Collected data
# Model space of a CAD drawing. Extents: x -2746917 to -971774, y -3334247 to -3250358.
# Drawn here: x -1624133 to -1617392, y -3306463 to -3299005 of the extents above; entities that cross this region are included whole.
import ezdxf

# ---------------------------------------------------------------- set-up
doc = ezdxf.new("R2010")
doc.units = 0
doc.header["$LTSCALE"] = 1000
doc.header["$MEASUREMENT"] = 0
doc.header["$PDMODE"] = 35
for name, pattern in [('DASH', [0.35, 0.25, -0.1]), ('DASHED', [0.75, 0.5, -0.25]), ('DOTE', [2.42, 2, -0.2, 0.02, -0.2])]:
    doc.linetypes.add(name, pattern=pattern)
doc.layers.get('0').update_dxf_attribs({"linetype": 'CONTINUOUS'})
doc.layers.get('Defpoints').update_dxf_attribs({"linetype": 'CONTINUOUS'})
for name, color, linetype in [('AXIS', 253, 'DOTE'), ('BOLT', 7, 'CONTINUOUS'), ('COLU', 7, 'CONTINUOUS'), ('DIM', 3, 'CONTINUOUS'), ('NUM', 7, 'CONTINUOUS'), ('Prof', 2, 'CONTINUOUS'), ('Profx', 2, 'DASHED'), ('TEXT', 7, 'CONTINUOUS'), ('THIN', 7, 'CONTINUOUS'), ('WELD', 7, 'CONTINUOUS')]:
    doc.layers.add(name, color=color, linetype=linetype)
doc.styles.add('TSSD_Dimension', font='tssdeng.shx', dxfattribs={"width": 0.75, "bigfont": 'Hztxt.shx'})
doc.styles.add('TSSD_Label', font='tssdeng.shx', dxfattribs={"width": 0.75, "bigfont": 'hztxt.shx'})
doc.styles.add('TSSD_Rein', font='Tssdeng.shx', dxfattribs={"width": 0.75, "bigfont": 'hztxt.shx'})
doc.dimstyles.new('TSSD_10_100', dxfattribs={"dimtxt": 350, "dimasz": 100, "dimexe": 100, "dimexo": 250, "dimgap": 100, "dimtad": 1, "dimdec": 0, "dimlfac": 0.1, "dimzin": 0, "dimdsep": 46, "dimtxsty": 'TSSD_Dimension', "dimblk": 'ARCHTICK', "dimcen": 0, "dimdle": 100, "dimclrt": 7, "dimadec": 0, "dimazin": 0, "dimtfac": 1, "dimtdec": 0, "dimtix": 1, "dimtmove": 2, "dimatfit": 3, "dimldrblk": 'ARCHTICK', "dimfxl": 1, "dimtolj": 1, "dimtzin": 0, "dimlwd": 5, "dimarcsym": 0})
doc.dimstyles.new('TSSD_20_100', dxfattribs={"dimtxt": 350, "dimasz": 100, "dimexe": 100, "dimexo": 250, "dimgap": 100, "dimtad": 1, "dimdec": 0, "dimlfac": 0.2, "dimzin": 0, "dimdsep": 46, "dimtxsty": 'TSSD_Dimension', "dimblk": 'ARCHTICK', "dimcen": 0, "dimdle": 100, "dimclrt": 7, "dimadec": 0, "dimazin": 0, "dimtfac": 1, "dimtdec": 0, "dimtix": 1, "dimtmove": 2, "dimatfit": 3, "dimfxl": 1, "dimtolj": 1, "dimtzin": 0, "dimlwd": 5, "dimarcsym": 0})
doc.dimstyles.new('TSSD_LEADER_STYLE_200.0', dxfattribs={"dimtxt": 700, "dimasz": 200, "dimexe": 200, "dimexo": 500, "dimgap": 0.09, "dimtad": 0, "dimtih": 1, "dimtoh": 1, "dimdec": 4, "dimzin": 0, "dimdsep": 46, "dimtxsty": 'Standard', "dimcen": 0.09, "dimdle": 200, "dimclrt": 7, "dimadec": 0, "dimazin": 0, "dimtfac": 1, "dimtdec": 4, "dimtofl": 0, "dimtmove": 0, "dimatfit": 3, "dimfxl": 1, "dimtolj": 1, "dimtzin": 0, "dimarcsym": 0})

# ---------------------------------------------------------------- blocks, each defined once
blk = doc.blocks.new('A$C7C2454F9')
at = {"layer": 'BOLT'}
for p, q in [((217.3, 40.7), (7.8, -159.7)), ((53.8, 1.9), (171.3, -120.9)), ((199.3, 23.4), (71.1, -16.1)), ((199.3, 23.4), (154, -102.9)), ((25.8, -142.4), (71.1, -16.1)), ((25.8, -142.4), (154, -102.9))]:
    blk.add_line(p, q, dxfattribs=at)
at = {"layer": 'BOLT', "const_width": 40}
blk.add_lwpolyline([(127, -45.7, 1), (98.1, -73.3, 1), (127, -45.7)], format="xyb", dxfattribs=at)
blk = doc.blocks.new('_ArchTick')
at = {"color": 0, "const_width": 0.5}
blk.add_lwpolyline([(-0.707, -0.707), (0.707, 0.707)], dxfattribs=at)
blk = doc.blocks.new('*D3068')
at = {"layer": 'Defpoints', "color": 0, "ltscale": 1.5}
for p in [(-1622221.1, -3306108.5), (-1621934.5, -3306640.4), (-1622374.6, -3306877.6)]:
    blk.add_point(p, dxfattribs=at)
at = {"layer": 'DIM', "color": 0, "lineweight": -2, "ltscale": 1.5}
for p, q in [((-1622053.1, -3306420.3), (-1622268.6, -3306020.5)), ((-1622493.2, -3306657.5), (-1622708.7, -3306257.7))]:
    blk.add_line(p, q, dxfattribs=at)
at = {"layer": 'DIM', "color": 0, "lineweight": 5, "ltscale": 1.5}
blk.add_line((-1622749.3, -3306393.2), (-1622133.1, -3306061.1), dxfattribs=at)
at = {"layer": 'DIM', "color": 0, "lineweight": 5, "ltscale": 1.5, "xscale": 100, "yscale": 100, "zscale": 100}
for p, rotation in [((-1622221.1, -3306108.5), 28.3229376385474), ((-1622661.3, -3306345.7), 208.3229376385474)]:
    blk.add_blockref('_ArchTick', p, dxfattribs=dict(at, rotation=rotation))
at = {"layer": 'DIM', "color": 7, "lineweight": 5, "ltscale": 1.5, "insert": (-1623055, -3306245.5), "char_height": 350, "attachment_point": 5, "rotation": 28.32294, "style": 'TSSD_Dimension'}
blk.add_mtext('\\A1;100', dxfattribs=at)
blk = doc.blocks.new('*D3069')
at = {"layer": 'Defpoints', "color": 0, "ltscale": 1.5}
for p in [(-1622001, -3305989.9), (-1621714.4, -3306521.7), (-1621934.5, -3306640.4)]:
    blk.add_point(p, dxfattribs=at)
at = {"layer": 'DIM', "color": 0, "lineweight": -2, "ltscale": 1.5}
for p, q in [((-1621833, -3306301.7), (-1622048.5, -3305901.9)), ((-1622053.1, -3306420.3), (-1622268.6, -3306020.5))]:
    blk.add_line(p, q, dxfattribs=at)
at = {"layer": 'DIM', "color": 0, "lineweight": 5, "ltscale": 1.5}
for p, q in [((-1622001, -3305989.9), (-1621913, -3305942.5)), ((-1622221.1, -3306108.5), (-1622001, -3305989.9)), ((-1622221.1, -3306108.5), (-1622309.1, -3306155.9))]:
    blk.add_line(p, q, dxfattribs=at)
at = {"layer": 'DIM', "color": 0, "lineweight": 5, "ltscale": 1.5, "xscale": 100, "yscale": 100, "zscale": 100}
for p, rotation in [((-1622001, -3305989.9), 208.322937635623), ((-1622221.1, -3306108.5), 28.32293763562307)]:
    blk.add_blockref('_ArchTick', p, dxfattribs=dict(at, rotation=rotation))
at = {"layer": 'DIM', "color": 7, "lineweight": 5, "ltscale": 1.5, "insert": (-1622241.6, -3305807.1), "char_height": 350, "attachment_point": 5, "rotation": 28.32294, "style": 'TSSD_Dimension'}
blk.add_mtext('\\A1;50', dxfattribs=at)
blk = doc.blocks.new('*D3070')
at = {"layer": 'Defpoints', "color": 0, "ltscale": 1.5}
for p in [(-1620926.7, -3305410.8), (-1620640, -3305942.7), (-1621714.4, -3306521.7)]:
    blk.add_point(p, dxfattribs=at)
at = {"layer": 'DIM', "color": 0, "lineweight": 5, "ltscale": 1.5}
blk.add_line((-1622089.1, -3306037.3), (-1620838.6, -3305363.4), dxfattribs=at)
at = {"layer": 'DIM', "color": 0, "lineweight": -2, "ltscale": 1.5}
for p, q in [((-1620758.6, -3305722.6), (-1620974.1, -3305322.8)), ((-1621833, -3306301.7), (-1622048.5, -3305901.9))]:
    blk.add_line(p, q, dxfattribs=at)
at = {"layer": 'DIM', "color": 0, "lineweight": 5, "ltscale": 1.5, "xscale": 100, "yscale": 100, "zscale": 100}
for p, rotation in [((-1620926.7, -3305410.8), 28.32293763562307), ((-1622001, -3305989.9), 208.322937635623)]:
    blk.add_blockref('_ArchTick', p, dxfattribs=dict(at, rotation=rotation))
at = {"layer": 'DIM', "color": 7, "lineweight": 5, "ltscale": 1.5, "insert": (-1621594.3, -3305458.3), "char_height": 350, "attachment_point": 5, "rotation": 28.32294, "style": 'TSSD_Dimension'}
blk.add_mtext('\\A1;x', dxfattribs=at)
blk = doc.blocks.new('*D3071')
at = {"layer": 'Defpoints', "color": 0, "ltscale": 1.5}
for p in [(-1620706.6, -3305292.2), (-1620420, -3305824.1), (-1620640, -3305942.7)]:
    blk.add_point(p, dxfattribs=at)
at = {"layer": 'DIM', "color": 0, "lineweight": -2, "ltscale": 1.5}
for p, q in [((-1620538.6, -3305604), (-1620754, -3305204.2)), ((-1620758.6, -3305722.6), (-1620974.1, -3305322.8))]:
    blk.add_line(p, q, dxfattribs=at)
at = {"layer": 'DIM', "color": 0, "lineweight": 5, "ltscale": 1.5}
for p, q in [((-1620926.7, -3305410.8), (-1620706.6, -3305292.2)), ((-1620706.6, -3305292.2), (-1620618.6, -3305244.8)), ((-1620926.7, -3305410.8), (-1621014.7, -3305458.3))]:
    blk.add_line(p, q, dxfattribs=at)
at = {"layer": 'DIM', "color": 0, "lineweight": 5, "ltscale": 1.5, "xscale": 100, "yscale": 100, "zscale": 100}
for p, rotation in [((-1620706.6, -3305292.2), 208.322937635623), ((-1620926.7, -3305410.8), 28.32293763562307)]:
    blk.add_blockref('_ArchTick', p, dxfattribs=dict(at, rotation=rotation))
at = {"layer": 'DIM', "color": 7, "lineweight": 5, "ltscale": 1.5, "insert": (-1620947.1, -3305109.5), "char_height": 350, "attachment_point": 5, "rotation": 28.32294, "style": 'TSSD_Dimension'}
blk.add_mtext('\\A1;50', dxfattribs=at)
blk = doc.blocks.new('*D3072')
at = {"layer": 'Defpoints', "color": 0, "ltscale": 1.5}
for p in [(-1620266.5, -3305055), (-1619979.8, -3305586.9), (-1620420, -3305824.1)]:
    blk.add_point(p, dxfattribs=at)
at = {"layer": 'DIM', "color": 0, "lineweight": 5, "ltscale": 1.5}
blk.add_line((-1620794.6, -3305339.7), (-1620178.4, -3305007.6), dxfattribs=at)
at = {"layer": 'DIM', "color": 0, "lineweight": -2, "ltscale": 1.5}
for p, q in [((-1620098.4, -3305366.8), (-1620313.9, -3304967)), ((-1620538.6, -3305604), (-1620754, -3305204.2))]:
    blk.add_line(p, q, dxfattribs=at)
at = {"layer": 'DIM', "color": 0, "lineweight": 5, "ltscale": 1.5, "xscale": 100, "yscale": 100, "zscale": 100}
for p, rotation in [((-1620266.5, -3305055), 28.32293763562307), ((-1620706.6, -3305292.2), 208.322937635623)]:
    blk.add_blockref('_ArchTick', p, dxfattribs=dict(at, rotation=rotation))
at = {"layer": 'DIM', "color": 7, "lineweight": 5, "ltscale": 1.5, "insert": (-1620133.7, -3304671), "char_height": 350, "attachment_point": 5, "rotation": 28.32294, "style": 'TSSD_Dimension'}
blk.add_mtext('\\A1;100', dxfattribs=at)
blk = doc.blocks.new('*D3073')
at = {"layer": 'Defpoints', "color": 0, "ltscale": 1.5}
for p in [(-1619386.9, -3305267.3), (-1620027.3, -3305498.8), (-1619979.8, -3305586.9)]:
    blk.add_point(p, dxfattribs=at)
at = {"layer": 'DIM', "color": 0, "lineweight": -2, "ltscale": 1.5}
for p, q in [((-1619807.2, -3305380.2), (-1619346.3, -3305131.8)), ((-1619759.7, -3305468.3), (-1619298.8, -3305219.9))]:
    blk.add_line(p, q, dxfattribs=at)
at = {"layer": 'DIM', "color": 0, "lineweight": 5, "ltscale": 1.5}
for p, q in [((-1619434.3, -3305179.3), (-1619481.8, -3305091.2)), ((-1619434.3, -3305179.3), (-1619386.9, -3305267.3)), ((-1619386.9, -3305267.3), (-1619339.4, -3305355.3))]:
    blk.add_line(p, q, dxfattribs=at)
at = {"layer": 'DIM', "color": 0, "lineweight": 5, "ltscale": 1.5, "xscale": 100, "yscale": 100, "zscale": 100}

• **What needs to be done**
Output all lines from the beginning of the data up to the line holding "import ezdxf", that line included, exactly as written.

• **Problem solution**
# Model space of a CAD drawing. Extents: x -2746917 to -971774, y -3334247 to -3250358.
# Drawn here: x -1624133 to -1617392, y -3306463 to -3299005 of the extents above; entities that cross this region are included whole.
import ezdxf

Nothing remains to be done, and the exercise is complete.